• _Saved entries_
>>>>
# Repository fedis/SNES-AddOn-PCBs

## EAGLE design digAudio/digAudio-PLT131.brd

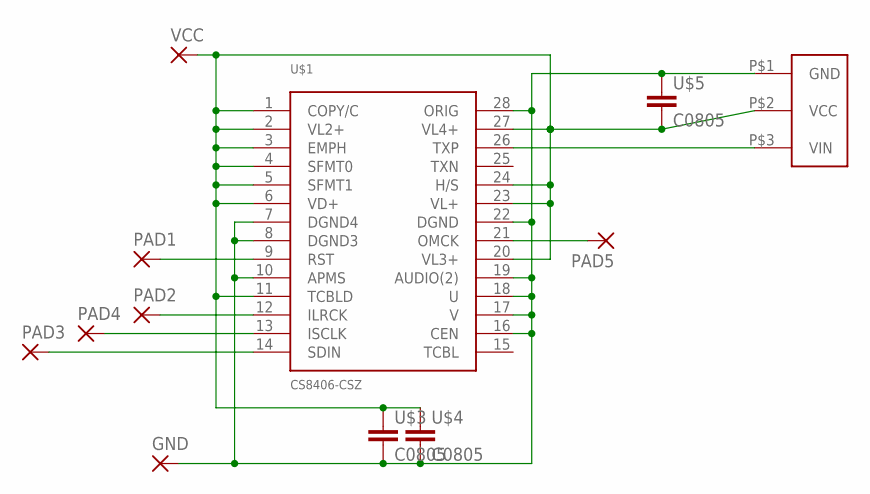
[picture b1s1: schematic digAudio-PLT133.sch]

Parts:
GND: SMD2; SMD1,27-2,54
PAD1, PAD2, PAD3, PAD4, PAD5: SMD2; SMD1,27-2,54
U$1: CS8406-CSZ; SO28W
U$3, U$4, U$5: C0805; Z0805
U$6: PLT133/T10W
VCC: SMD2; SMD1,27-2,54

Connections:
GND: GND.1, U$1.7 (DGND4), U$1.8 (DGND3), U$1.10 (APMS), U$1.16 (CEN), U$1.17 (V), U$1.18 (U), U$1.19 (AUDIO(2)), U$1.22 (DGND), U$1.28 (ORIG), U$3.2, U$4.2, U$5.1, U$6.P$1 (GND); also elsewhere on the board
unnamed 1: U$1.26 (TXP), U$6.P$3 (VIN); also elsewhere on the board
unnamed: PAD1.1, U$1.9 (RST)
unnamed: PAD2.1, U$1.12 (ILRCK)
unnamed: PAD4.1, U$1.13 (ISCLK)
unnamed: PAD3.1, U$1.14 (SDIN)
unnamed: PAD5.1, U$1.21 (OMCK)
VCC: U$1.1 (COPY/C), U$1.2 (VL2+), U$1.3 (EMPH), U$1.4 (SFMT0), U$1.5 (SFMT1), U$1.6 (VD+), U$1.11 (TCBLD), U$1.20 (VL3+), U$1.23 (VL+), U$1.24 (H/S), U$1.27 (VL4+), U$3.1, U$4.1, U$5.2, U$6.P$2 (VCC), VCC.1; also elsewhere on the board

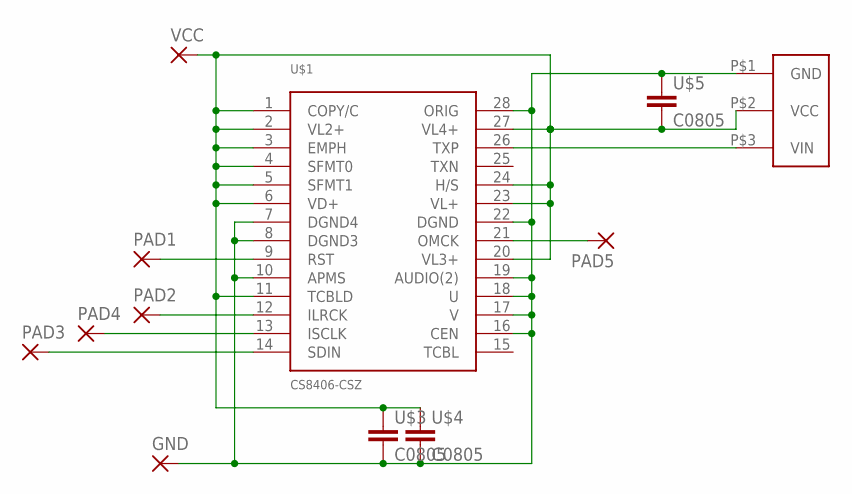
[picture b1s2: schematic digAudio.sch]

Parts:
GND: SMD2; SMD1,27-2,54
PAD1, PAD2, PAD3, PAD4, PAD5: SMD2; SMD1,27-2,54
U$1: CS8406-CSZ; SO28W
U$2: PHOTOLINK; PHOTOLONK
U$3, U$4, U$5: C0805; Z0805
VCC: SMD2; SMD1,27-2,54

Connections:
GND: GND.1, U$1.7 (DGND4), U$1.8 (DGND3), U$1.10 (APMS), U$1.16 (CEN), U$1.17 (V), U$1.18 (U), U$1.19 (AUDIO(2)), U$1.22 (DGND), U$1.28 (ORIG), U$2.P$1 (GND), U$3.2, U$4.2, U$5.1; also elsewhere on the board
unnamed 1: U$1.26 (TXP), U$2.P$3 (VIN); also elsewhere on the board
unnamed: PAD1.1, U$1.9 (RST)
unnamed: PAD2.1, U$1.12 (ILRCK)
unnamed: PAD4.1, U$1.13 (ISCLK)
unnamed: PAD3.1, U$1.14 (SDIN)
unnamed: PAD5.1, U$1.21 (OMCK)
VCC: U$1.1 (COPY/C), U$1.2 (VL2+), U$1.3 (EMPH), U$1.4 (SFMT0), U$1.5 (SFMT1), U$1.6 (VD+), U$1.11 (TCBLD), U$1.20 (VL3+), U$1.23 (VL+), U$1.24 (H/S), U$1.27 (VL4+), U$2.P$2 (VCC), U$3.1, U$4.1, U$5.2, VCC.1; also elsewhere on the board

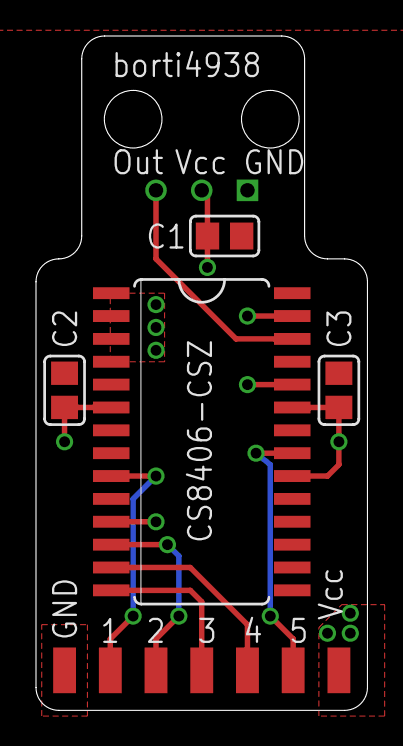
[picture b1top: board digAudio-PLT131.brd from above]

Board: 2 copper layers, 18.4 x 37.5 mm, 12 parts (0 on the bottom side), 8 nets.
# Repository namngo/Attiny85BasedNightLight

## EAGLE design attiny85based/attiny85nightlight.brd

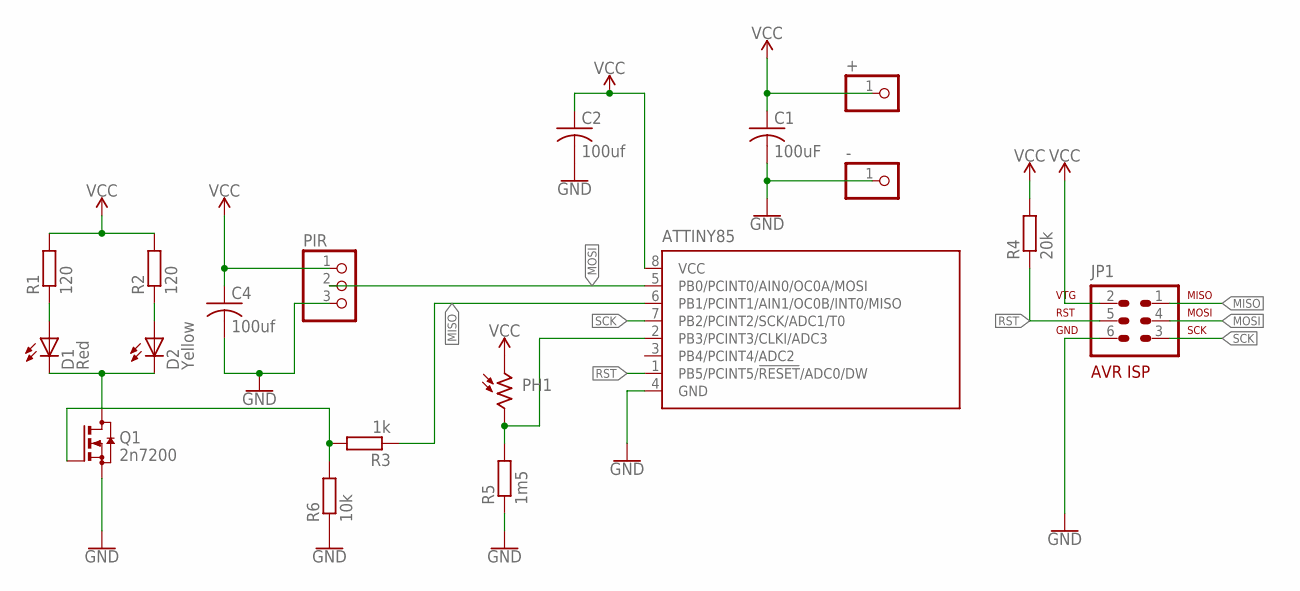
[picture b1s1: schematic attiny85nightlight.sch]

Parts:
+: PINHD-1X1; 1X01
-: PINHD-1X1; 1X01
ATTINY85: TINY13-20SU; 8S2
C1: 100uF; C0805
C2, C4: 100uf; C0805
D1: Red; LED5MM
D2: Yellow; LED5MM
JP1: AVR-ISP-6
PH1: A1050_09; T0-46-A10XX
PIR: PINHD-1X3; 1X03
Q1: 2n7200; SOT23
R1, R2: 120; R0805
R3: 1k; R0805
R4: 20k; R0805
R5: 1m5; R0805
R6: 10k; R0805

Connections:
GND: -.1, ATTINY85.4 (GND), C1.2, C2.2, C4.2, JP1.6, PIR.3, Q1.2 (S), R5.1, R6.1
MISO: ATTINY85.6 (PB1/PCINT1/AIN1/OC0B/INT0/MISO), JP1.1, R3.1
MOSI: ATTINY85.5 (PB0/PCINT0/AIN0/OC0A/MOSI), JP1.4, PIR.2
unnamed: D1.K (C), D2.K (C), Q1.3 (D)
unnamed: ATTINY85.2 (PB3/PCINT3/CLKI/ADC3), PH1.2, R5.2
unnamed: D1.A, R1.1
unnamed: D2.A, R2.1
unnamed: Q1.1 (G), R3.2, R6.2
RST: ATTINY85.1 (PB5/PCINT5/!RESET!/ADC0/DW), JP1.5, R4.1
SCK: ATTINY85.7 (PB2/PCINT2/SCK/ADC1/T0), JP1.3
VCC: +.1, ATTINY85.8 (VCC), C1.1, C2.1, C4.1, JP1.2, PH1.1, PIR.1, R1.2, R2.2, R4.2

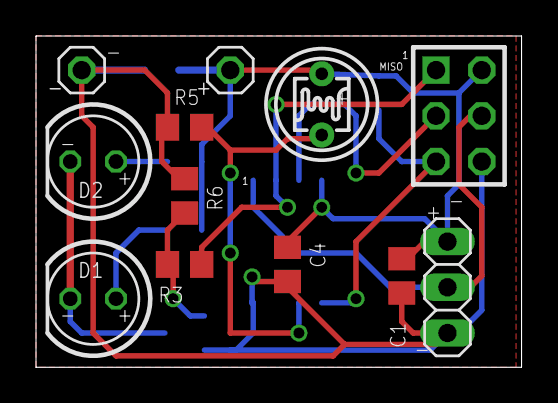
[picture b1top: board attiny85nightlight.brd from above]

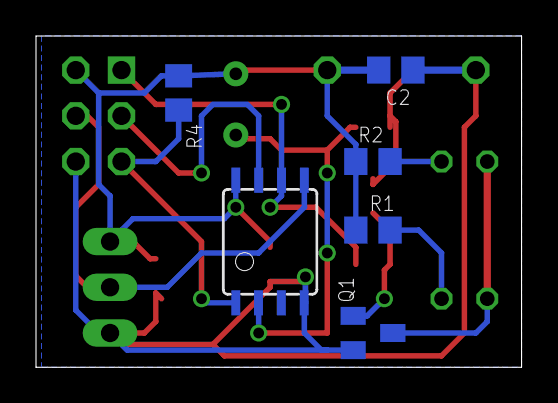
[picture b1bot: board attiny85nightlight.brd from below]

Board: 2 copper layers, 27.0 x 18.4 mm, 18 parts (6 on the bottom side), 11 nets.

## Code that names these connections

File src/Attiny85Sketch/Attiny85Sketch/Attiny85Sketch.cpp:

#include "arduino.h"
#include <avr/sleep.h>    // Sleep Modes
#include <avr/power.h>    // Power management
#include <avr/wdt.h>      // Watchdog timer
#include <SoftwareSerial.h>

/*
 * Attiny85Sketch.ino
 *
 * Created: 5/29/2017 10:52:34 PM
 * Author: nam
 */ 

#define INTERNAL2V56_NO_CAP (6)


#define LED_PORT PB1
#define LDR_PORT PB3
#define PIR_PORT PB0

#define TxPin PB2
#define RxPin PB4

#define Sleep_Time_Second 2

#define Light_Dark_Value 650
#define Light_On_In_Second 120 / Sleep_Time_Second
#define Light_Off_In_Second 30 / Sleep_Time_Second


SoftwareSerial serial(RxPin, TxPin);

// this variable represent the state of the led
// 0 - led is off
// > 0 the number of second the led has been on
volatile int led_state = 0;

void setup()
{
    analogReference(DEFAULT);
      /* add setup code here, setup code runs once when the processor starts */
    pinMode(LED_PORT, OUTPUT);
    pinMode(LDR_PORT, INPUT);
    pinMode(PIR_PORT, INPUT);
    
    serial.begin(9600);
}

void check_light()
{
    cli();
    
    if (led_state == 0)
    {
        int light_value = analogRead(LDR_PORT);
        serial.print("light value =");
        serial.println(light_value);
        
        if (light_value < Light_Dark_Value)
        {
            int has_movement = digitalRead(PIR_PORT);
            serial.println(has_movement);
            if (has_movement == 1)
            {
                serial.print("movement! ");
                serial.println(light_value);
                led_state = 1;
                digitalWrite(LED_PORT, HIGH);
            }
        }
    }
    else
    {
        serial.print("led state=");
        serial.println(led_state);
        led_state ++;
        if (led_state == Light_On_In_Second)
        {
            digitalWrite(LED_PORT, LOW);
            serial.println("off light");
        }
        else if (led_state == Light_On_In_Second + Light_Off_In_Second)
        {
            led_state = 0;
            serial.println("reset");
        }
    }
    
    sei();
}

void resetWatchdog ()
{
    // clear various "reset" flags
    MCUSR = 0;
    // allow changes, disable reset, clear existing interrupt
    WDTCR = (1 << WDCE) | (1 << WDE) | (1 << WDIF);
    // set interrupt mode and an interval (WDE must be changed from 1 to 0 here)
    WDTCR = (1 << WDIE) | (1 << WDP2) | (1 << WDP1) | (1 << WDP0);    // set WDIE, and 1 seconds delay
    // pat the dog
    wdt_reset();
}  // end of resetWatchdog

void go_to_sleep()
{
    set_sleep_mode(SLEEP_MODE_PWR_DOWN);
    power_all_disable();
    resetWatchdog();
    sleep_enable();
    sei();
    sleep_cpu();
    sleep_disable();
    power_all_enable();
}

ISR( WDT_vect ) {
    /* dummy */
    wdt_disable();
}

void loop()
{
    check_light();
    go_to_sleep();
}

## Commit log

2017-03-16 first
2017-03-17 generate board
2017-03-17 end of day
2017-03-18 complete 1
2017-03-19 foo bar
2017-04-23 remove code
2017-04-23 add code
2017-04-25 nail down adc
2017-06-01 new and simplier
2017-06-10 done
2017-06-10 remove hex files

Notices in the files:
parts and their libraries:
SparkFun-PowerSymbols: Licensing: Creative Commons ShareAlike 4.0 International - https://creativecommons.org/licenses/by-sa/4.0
<<<<
• _HOW TO COMPLETE THIS TASK_
Your reply should be the lines of the records from the start through the line with "Board: 2 copper layers, 18.4", copied word for word, pictures omitted.

• _RESULT OF THE EXERCISE_
# Repository fedis/SNES-AddOn-PCBs

## EAGLE design digAudio/digAudio-PLT131.brd

[picture b1s1: schematic digAudio-PLT133.sch]

Parts:
GND: SMD2; SMD1,27-2,54
PAD1, PAD2, PAD3, PAD4, PAD5: SMD2; SMD1,27-2,54
U$1: CS8406-CSZ; SO28W
U$3, U$4, U$5: C0805; Z0805
U$6: PLT133/T10W
VCC: SMD2; SMD1,27-2,54

Connections:
GND: GND.1, U$1.7 (DGND4), U$1.8 (DGND3), U$1.10 (APMS), U$1.16 (CEN), U$1.17 (V), U$1.18 (U), U$1.19 (AUDIO(2)), U$1.22 (DGND), U$1.28 (ORIG), U$3.2, U$4.2, U$5.1, U$6.P$1 (GND); also elsewhere on the board
unnamed 1: U$1.26 (TXP), U$6.P$3 (VIN); also elsewhere on the board
unnamed: PAD1.1, U$1.9 (RST)
unnamed: PAD2.1, U$1.12 (ILRCK)
unnamed: PAD4.1, U$1.13 (ISCLK)
unnamed: PAD3.1, U$1.14 (SDIN)
unnamed: PAD5.1, U$1.21 (OMCK)
VCC: U$1.1 (COPY/C), U$1.2 (VL2+), U$1.3 (EMPH), U$1.4 (SFMT0), U$1.5 (SFMT1), U$1.6 (VD+), U$1.11 (TCBLD), U$1.20 (VL3+), U$1.23 (VL+), U$1.24 (H/S), U$1.27 (VL4+), U$3.1, U$4.1, U$5.2, U$6.P$2 (VCC), VCC.1; also elsewhere on the board

[picture b1s2: schematic digAudio.sch]

Parts:
GND: SMD2; SMD1,27-2,54
PAD1, PAD2, PAD3, PAD4, PAD5: SMD2; SMD1,27-2,54
U$1: CS8406-CSZ; SO28W
U$2: PHOTOLINK; PHOTOLONK
U$3, U$4, U$5: C0805; Z0805
VCC: SMD2; SMD1,27-2,54

Connections:
GND: GND.1, U$1.7 (DGND4), U$1.8 (DGND3), U$1.10 (APMS), U$1.16 (CEN), U$1.17 (V), U$1.18 (U), U$1.19 (AUDIO(2)), U$1.22 (DGND), U$1.28 (ORIG), U$2.P$1 (GND), U$3.2, U$4.2, U$5.1; also elsewhere on the board
unnamed 1: U$1.26 (TXP), U$2.P$3 (VIN); also elsewhere on the board
unnamed: PAD1.1, U$1.9 (RST)
unnamed: PAD2.1, U$1.12 (ILRCK)
unnamed: PAD4.1, U$1.13 (ISCLK)
unnamed: PAD3.1, U$1.14 (SDIN)
unnamed: PAD5.1, U$1.21 (OMCK)
VCC: U$1.1 (COPY/C), U$1.2 (VL2+), U$1.3 (EMPH), U$1.4 (SFMT0), U$1.5 (SFMT1), U$1.6 (VD+), U$1.11 (TCBLD), U$1.20 (VL3+), U$1.23 (VL+), U$1.24 (H/S), U$1.27 (VL4+), U$2.P$2 (VCC), U$3.1, U$4.1, U$5.2, VCC.1; also elsewhere on the board

[picture b1top: board digAudio-PLT131.brd from above]

Board: 2 copper layers, 18.4 x 37.5 mm, 12 parts (0 on the bottom side), 8 nets.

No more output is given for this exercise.